WORK TO COMPLETE:
Only these lines of the data below are wanted: the one with "#94=PLANE('',#93);", the one with "#104=VECTOR('',#103,1.);", and any lines between them, each repeated exactly.

Top of DATASET CONTENT

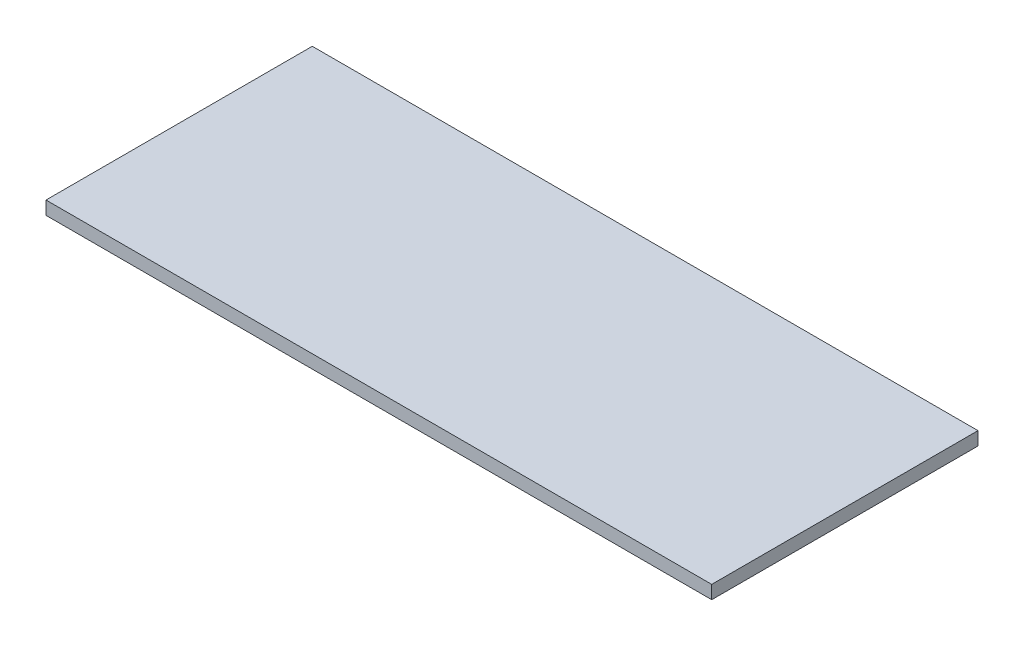
ISO-10303-21;
HEADER;
FILE_DESCRIPTION(('STEP AP214'),'2;1');
FILE_NAME('part.step','',(''),(''),'','','');
FILE_SCHEMA(('AUTOMOTIVE_DESIGN { 1 0 10303 214 1 1 1 1 }'));
ENDSEC;
DATA;
#1=APPLICATION_CONTEXT('core data for automotive mechanical design processes');
#2=APPLICATION_PROTOCOL_DEFINITION('international standard','automotive_design',2000,#1);
#3=PRODUCT_CONTEXT('',#1,'mechanical');
#4=PRODUCT('Part','Part','',(#3));
#5=PRODUCT_RELATED_PRODUCT_CATEGORY('part','',(#4));
#6=PRODUCT_DEFINITION_FORMATION('','',#4);
#7=PRODUCT_DEFINITION_CONTEXT('part definition',#1,'design');
#8=PRODUCT_DEFINITION('design','',#6,#7);
#9=PRODUCT_DEFINITION_SHAPE('','',#8);
#10=(LENGTH_UNIT() NAMED_UNIT(*) SI_UNIT(.MILLI.,.METRE.));
#11=(NAMED_UNIT(*) PLANE_ANGLE_UNIT() SI_UNIT($,.RADIAN.));
#12=(NAMED_UNIT(*) SI_UNIT($,.STERADIAN.) SOLID_ANGLE_UNIT());
#13=UNCERTAINTY_MEASURE_WITH_UNIT(LENGTH_MEASURE(1.E-05),#10,'distance_accuracy_value','');
#14=(GEOMETRIC_REPRESENTATION_CONTEXT(3) GLOBAL_UNCERTAINTY_ASSIGNED_CONTEXT((#13)) GLOBAL_UNIT_ASSIGNED_CONTEXT((#10,
#11,#12)) REPRESENTATION_CONTEXT('',''));
#15=CARTESIAN_POINT('',(0.,0.,0.));
#16=DIRECTION('',(0.,0.,1.));
#17=DIRECTION('',(1.,0.,0.));
#18=AXIS2_PLACEMENT_3D('',#15,#16,#17);
#19=CARTESIAN_POINT('',(100.,4.,40.));
#20=DIRECTION('',(-1.,0.,0.));
#21=DIRECTION('',(0.,0.,1.));
#22=AXIS2_PLACEMENT_3D('',#19,#20,#21);
#23=PLANE('',#22);
#24=DIRECTION('',(0.,0.,-1.));
#25=VECTOR('',#24,1.);
#26=CARTESIAN_POINT('',(100.,0.,40.));
#27=LINE('',#26,#25);
#28=CARTESIAN_POINT('',(100.,0.,40.));
#29=VERTEX_POINT('',#28);
#30=CARTESIAN_POINT('',(100.,0.,-40.));
#31=VERTEX_POINT('',#30);
#32=EDGE_CURVE('E98',#29,#31,#27,.T.);
#33=ORIENTED_EDGE('',*,*,#32,.T.);
#34=DIRECTION('',(0.,-1.,0.));
#35=VECTOR('',#34,1.);
#36=CARTESIAN_POINT('',(100.,4.,-40.));
#37=LINE('',#36,#35);
#38=CARTESIAN_POINT('',(100.,4.,-40.));
#39=VERTEX_POINT('',#38);
#40=EDGE_CURVE('E11',#39,#31,#37,.T.);
#41=ORIENTED_EDGE('',*,*,#40,.F.);
#42=DIRECTION('',(0.,0.,-1.));
#43=VECTOR('',#42,1.);
#44=CARTESIAN_POINT('',(100.,4.,40.));
#45=LINE('',#44,#43);
#46=CARTESIAN_POINT('',(100.,4.,40.));
#47=VERTEX_POINT('',#46);
#48=EDGE_CURVE('E86',#47,#39,#45,.T.);
#49=ORIENTED_EDGE('',*,*,#48,.F.);
#50=DIRECTION('',(0.,-1.,0.));
#51=VECTOR('',#50,1.);
#52=CARTESIAN_POINT('',(100.,4.,40.));
#53=LINE('',#52,#51);
#54=EDGE_CURVE('E94',#47,#29,#53,.T.);
#55=ORIENTED_EDGE('',*,*,#54,.T.);
#56=EDGE_LOOP('',(#33,#41,#49,#55));
#57=FACE_BOUND('',#56,.T.);
#58=ADVANCED_FACE('F35',(#57),#23,.F.);
#59=CARTESIAN_POINT('',(-99.9999999999999,4.,-40.));
#60=DIRECTION('',(0.,0.,1.));
#61=DIRECTION('',(1.,0.,0.));
#62=AXIS2_PLACEMENT_3D('',#59,#60,#61);
#63=PLANE('',#62);
#64=DIRECTION('',(-1.,0.,0.));
#65=VECTOR('',#64,1.);
#66=CARTESIAN_POINT('',(-99.9999999999999,0.,-40.));
#67=LINE('',#66,#65);
#68=CARTESIAN_POINT('',(-99.9999999999999,0.,-40.));
#69=VERTEX_POINT('',#68);
#70=EDGE_CURVE('E90',#31,#69,#67,.T.);
#71=ORIENTED_EDGE('',*,*,#70,.T.);
#72=DIRECTION('',(0.,-1.,0.));
#73=VECTOR('',#72,1.);
#74=CARTESIAN_POINT('',(-99.9999999999999,4.,-40.));
#75=LINE('',#74,#73);
#76=CARTESIAN_POINT('',(-99.9999999999999,4.,-40.));
#77=VERTEX_POINT('',#76);
#78=EDGE_CURVE('E43',#77,#69,#75,.T.);
#79=ORIENTED_EDGE('',*,*,#78,.F.);
#80=DIRECTION('',(-1.,0.,0.));
#81=VECTOR('',#80,1.);
#82=CARTESIAN_POINT('',(-99.9999999999999,4.,-40.));
#83=LINE('',#82,#81);
#84=EDGE_CURVE('E81',#39,#77,#83,.T.);
#85=ORIENTED_EDGE('',*,*,#84,.F.);
#86=ORIENTED_EDGE('',*,*,#40,.T.);
#87=EDGE_LOOP('',(#71,#79,#85,#86));
#88=FACE_BOUND('',#87,.T.);
#89=ADVANCED_FACE('F89',(#88),#63,.F.);
#90=CARTESIAN_POINT('',(-99.9999999999999,4.,40.));
#91=DIRECTION('',(1.,0.,0.));
#92=DIRECTION('',(0.,0.,-1.));
#93=AXIS2_PLACEMENT_3D('',#90,#91,#92);
#94=PLANE('',#93);
#95=DIRECTION('',(0.,0.,1.));
#96=VECTOR('',#95,1.);
#97=CARTESIAN_POINT('',(-99.9999999999999,0.,40.));
#98=LINE('',#97,#96);
#99=CARTESIAN_POINT('',(-99.9999999999999,0.,40.));
#100=VERTEX_POINT('',#99);
#101=EDGE_CURVE('E68',#69,#100,#98,.T.);
#102=ORIENTED_EDGE('',*,*,#101,.T.);
#103=DIRECTION('',(0.,-1.,0.));
#104=VECTOR('',#103,1.);
#105=CARTESIAN_POINT('',(-99.9999999999999,4.,40.));
#106=LINE('',#105,#104);
#107=CARTESIAN_POINT('',(-99.9999999999999,4.,40.));
#108=VERTEX_POINT('',#107);
#109=EDGE_CURVE('E91',#108,#100,#106,.T.);
#110=ORIENTED_EDGE('',*,*,#109,.F.);
#111=DIRECTION('',(0.,0.,1.));
#112=VECTOR('',#111,1.);
#113=CARTESIAN_POINT('',(-99.9999999999999,4.,40.));
#114=LINE('',#113,#112);
#115=EDGE_CURVE('E84',#77,#108,#114,.T.);
#116=ORIENTED_EDGE('',*,*,#115,.F.);
#117=ORIENTED_EDGE('',*,*,#78,.T.);
#118=EDGE_LOOP('',(#102,#110,#116,#117));
#119=FACE_BOUND('',#118,.T.);
#120=ADVANCED_FACE('F92',(#119),#94,.F.);
#121=CARTESIAN_POINT('',(-99.9999999999999,4.,40.));
#122=DIRECTION('',(0.,0.,-1.));
#123=DIRECTION('',(-1.,0.,0.));
#124=AXIS2_PLACEMENT_3D('',#121,#122,#123);
#125=PLANE('',#124);
#126=DIRECTION('',(1.,0.,0.));
#127=VECTOR('',#126,1.);
#128=CARTESIAN_POINT('',(-99.9999999999999,0.,40.));
#129=LINE('',#128,#127);
#130=EDGE_CURVE('E74',#100,#29,#129,.T.);
#131=ORIENTED_EDGE('',*,*,#130,.T.);
#132=ORIENTED_EDGE('',*,*,#54,.F.);
#133=DIRECTION('',(1.,0.,0.));
#134=VECTOR('',#133,1.);
#135=CARTESIAN_POINT('',(-99.9999999999999,4.,40.));
#136=LINE('',#135,#134);
#137=EDGE_CURVE('E51',#108,#47,#136,.T.);
#138=ORIENTED_EDGE('',*,*,#137,.F.);
#139=ORIENTED_EDGE('',*,*,#109,.T.);
#140=EDGE_LOOP('',(#131,#132,#138,#139));
#141=FACE_BOUND('',#140,.T.);
#142=ADVANCED_FACE('F105',(#141),#125,.F.);
#143=CARTESIAN_POINT('',(0.,4.,0.));
#144=DIRECTION('',(0.,-1.,0.));
#145=DIRECTION('',(0.,0.,-1.));
#146=AXIS2_PLACEMENT_3D('',#143,#144,#145);
#147=PLANE('',#146);
#148=ORIENTED_EDGE('',*,*,#48,.T.);
#149=ORIENTED_EDGE('',*,*,#84,.T.);
#150=ORIENTED_EDGE('',*,*,#115,.T.);
#151=ORIENTED_EDGE('',*,*,#137,.T.);
#152=EDGE_LOOP('',(#148,#149,#150,#151));
#153=FACE_BOUND('',#152,.T.);
#154=ADVANCED_FACE('F82',(#153),#147,.F.);
#155=CARTESIAN_POINT('',(0.,0.,0.));
#156=DIRECTION('',(0.,-1.,0.));
#157=DIRECTION('',(0.,0.,-1.));
#158=AXIS2_PLACEMENT_3D('',#155,#156,#157);
#159=PLANE('',#158);
#160=ORIENTED_EDGE('',*,*,#32,.F.);
#161=ORIENTED_EDGE('',*,*,#130,.F.);
#162=ORIENTED_EDGE('',*,*,#101,.F.);
#163=ORIENTED_EDGE('',*,*,#70,.F.);
#164=EDGE_LOOP('',(#160,#161,#162,#163));
#165=FACE_BOUND('',#164,.T.);
#166=ADVANCED_FACE('F108',(#165),#159,.T.);
#167=CLOSED_SHELL('',(#58,#89,#120,#142,#154,#166));
#168=MANIFOLD_SOLID_BREP('B2',#167);
#169=ADVANCED_BREP_SHAPE_REPRESENTATION('',(#18,#168),#14);
#170=SHAPE_DEFINITION_REPRESENTATION(#9,#169);
ENDSEC;
END-ISO-10303-21;

Bottom of DATASET CONTENT

THE COMPLETED TASK:
#94=PLANE('',#93);
#95=DIRECTION('',(0.,0.,1.));
#96=VECTOR('',#95,1.);
#97=CARTESIAN_POINT('',(-99.9999999999999,0.,40.));
#98=LINE('',#97,#96);
#99=CARTESIAN_POINT('',(-99.9999999999999,0.,40.));
#100=VERTEX_POINT('',#99);
#101=EDGE_CURVE('E68',#69,#100,#98,.T.);
#102=ORIENTED_EDGE('',*,*,#101,.T.);
#103=DIRECTION('',(0.,-1.,0.));
#104=VECTOR('',#103,1.);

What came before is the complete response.